There are quite a few sites that show you how to make your own tooling as well, this reduces costs even more and improves your skills as a machinist, best of both worlds, eh.
There are even sites dedicated to the AL30 lathe that can show you how to do lots of mods to improve that lathe. Go and join these groups as there is a lot of information that is available which can used.
http://groups.yahoo.com/group/9x20Lathe/?yguid=97172132 
http://groups.yahoo.com/group/7x10minilathe/?yguid=97172132

Then there are lots of skilled people on this site, that can show you how to do it as well.

regards greenie


----------



## Bogstandard (Dec 9, 2007)

Tmuir,
This is just a suggestion, seeing as you are considering the more expensive AL-60.
Have you considered the lathe on the same page as the AL-30, that is the AL50GB.
If you look at the specs, it is a lot higher than the AL-30, plus there is a lot of extras included in the price whereas with the other two, these would need to be purchased, and so adding to the cost.
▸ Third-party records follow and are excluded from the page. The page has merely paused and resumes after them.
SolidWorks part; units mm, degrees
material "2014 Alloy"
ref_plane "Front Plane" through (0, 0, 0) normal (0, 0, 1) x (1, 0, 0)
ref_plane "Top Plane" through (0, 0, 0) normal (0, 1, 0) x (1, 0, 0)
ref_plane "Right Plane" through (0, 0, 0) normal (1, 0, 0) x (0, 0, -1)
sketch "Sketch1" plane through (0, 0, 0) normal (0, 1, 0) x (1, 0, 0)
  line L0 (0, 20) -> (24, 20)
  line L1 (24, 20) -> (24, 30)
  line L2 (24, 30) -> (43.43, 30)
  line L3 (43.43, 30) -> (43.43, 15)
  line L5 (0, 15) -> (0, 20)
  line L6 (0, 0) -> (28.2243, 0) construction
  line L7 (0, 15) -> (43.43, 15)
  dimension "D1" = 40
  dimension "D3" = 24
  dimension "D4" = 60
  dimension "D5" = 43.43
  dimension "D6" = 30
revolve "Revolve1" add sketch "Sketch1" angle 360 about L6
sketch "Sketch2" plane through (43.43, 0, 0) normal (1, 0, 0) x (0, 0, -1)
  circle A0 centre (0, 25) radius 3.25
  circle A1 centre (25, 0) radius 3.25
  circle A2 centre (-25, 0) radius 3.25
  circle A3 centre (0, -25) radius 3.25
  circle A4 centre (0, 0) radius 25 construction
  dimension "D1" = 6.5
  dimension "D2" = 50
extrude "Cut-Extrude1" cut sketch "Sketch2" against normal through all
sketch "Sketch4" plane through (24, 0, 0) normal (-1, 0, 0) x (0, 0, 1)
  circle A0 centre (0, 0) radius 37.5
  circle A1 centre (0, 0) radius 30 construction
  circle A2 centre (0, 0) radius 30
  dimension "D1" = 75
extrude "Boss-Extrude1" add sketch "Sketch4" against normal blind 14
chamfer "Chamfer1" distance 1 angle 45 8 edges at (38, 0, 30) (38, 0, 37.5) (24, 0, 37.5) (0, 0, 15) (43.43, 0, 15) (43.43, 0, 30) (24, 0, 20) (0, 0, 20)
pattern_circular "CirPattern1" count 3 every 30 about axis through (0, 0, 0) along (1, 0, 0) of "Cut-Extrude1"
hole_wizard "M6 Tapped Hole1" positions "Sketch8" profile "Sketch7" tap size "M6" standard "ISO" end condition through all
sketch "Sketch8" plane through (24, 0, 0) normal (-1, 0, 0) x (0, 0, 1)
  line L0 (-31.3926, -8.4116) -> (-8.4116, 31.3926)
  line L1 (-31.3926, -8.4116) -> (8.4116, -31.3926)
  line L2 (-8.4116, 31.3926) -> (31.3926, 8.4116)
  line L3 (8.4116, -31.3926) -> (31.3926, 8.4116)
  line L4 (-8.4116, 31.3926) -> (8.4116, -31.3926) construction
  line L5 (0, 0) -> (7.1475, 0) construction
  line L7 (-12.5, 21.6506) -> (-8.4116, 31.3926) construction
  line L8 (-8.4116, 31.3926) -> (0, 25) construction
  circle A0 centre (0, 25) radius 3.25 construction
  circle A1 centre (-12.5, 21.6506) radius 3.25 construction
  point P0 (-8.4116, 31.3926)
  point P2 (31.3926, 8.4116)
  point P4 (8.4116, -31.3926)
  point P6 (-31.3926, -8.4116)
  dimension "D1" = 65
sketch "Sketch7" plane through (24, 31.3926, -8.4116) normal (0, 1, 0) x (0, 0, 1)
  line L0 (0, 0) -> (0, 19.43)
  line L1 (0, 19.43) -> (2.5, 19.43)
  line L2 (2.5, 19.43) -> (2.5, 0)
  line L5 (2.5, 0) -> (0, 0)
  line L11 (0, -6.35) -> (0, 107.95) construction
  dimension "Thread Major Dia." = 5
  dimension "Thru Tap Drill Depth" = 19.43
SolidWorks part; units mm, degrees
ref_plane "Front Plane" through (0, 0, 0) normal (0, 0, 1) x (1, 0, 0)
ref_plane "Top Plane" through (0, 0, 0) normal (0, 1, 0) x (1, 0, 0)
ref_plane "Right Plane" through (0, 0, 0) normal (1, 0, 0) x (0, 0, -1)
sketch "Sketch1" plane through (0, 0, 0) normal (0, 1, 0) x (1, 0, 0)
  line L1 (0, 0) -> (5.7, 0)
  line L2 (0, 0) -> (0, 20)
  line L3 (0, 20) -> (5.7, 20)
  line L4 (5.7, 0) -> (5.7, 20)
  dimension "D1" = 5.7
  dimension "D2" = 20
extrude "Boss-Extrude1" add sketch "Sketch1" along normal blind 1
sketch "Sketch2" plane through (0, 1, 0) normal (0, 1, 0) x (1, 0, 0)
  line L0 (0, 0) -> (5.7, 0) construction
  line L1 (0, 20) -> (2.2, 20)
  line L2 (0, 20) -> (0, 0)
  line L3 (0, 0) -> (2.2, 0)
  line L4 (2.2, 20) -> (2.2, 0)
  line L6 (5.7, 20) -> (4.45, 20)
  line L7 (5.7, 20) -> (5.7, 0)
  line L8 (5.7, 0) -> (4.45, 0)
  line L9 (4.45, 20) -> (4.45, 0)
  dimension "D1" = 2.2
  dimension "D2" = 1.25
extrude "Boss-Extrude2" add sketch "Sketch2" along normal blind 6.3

The cost, including a purpose made stand is still less than the AL-60. The tooling is also 12mm, allowing maybe a better choice of more rigid tooling.
The choice of machines is your and yours alone, the members on here can only give you guidelines that you may like to follow.
I don't know what the heavy metal market is like in your part of the world, but by shopping around on the web for an hour, you can usually find the best price for a particular machine but under a different badge, and usually a lot of money can be saved, allowing you to buy extra tooling that otherwise you could not afford. Sometimes $100's if a machine is being replaced by a more modern version or coming to the end of production.


John


----------



## tmuir (Dec 9, 2007)

Thanks for the links Greenie.
Unfortunately the X3 is more than double my budget for a mill (The wife doesn't even know I have a budget for a mill).
I wanted to get the 'off the shelf tooling' for the most common stuff as my machining ability is pretty low at the moment but the plan is later on to make some of my tools as I get more confident.

The site I gave is the cheapest supplier for me within 3000km, only really 2 or 3 places in Western Australia you can buy decent lathes from so not much competition and I'm staying away from second hand ones as I don't know enough about lathes to ensure I'm not buying a lemon.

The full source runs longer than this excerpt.